Materials provided:
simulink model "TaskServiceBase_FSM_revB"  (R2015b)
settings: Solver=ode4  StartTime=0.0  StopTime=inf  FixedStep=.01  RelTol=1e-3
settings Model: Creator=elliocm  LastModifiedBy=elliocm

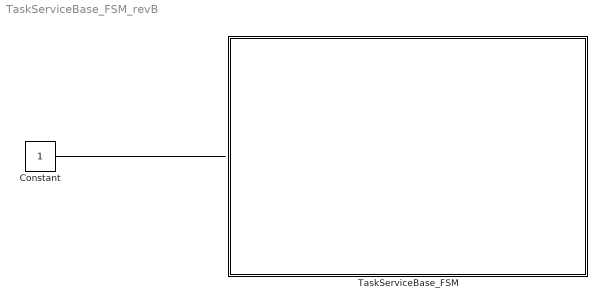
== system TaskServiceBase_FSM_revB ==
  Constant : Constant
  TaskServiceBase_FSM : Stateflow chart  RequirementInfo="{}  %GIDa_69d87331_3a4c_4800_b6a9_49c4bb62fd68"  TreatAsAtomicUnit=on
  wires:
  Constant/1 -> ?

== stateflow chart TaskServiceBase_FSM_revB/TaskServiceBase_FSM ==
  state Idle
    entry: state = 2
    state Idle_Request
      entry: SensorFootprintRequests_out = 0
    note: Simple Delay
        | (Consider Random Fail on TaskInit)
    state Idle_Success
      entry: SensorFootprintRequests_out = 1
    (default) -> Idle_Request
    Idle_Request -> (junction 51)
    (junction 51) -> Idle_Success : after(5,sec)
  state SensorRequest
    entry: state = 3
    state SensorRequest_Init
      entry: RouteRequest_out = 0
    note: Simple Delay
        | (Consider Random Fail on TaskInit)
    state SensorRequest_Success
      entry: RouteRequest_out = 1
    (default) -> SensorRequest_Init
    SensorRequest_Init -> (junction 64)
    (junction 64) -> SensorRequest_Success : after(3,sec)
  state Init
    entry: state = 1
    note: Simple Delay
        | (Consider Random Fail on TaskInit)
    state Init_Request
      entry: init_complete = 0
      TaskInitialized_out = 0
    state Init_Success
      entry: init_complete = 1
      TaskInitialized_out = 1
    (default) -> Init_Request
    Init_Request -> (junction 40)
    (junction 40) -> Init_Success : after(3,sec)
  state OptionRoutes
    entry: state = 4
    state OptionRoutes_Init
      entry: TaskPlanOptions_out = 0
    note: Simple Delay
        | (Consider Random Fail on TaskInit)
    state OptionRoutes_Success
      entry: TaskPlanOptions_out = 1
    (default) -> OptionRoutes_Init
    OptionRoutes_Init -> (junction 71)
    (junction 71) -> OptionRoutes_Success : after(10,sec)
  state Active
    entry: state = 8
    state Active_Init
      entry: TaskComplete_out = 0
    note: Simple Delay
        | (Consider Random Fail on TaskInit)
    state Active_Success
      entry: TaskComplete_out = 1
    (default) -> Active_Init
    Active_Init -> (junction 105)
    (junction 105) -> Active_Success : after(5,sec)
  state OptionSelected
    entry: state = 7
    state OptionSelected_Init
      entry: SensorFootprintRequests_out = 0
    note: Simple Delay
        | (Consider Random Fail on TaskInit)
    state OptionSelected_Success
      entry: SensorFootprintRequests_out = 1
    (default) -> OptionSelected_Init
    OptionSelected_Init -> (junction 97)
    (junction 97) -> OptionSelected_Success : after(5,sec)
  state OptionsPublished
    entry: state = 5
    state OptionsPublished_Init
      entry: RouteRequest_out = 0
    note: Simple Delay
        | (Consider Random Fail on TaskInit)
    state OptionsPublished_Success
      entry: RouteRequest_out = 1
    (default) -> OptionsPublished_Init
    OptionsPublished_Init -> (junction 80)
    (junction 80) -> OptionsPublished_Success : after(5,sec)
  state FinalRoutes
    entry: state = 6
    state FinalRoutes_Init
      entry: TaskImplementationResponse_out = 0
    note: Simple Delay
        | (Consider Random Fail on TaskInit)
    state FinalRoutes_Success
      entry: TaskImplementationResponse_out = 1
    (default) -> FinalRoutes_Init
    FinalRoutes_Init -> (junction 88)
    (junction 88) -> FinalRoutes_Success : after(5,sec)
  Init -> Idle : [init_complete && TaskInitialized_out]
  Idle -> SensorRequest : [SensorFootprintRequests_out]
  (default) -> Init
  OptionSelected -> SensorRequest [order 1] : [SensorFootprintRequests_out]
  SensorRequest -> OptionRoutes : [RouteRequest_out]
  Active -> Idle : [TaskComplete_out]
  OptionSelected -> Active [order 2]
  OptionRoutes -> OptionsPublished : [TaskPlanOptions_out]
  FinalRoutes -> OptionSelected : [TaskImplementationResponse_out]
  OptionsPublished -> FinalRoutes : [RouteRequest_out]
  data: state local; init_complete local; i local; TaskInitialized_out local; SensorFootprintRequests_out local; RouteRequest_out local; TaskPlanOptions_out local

Exercise: All of the material above is to be retyped exactly, with no pictures included.

Written answer:
simulink model "TaskServiceBase_FSM_revB"  (R2015b)
settings: Solver=ode4  StartTime=0.0  StopTime=inf  FixedStep=.01  RelTol=1e-3
settings Model: Creator=elliocm  LastModifiedBy=elliocm

== system TaskServiceBase_FSM_revB ==
  Constant : Constant
  TaskServiceBase_FSM : Stateflow chart  RequirementInfo="{}  %GIDa_69d87331_3a4c_4800_b6a9_49c4bb62fd68"  TreatAsAtomicUnit=on
  wires:
  Constant/1 -> ?

== stateflow chart TaskServiceBase_FSM_revB/TaskServiceBase_FSM ==
  state Idle
    entry: state = 2
    state Idle_Request
      entry: SensorFootprintRequests_out = 0
    note: Simple Delay
        | (Consider Random Fail on TaskInit)
    state Idle_Success
      entry: SensorFootprintRequests_out = 1
    (default) -> Idle_Request
    Idle_Request -> (junction 51)
    (junction 51) -> Idle_Success : after(5,sec)
  state SensorRequest
    entry: state = 3
    state SensorRequest_Init
      entry: RouteRequest_out = 0
    note: Simple Delay
        | (Consider Random Fail on TaskInit)
    state SensorRequest_Success
      entry: RouteRequest_out = 1
    (default) -> SensorRequest_Init
    SensorRequest_Init -> (junction 64)
    (junction 64) -> SensorRequest_Success : after(3,sec)
  state Init
    entry: state = 1
    note: Simple Delay
        | (Consider Random Fail on TaskInit)
    state Init_Request
      entry: init_complete = 0
      TaskInitialized_out = 0
    state Init_Success
      entry: init_complete = 1
      TaskInitialized_out = 1
    (default) -> Init_Request
    Init_Request -> (junction 40)
    (junction 40) -> Init_Success : after(3,sec)
  state OptionRoutes
    entry: state = 4
    state OptionRoutes_Init
      entry: TaskPlanOptions_out = 0
    note: Simple Delay
        | (Consider Random Fail on TaskInit)
    state OptionRoutes_Success
      entry: TaskPlanOptions_out = 1
    (default) -> OptionRoutes_Init
    OptionRoutes_Init -> (junction 71)
    (junction 71) -> OptionRoutes_Success : after(10,sec)
  state Active
    entry: state = 8
    state Active_Init
      entry: TaskComplete_out = 0
    note: Simple Delay
        | (Consider Random Fail on TaskInit)
    state Active_Success
      entry: TaskComplete_out = 1
    (default) -> Active_Init
    Active_Init -> (junction 105)
    (junction 105) -> Active_Success : after(5,sec)
  state OptionSelected
    entry: state = 7
    state OptionSelected_Init
      entry: SensorFootprintRequests_out = 0
    note: Simple Delay
        | (Consider Random Fail on TaskInit)
    state OptionSelected_Success
      entry: SensorFootprintRequests_out = 1
    (default) -> OptionSelected_Init
    OptionSelected_Init -> (junction 97)
    (junction 97) -> OptionSelected_Success : after(5,sec)
  state OptionsPublished
    entry: state = 5
    state OptionsPublished_Init
      entry: RouteRequest_out = 0
    note: Simple Delay
        | (Consider Random Fail on TaskInit)
    state OptionsPublished_Success
      entry: RouteRequest_out = 1
    (default) -> OptionsPublished_Init
    OptionsPublished_Init -> (junction 80)
    (junction 80) -> OptionsPublished_Success : after(5,sec)
  state FinalRoutes
    entry: state = 6
    state FinalRoutes_Init
      entry: TaskImplementationResponse_out = 0
    note: Simple Delay
        | (Consider Random Fail on TaskInit)
    state FinalRoutes_Success
      entry: TaskImplementationResponse_out = 1
    (default) -> FinalRoutes_Init
    FinalRoutes_Init -> (junction 88)
    (junction 88) -> FinalRoutes_Success : after(5,sec)
  Init -> Idle : [init_complete && TaskInitialized_out]
  Idle -> SensorRequest : [SensorFootprintRequests_out]
  (default) -> Init
  OptionSelected -> SensorRequest [order 1] : [SensorFootprintRequests_out]
  SensorRequest -> OptionRoutes : [RouteRequest_out]
  Active -> Idle : [TaskComplete_out]
  OptionSelected -> Active [order 2]
  OptionRoutes -> OptionsPublished : [TaskPlanOptions_out]
  FinalRoutes -> OptionSelected : [TaskImplementationResponse_out]
  OptionsPublished -> FinalRoutes : [RouteRequest_out]
  data: state local; init_complete local; i local; TaskInitialized_out local; SensorFootprintRequests_out local; RouteRequest_out local; TaskPlanOptions_out local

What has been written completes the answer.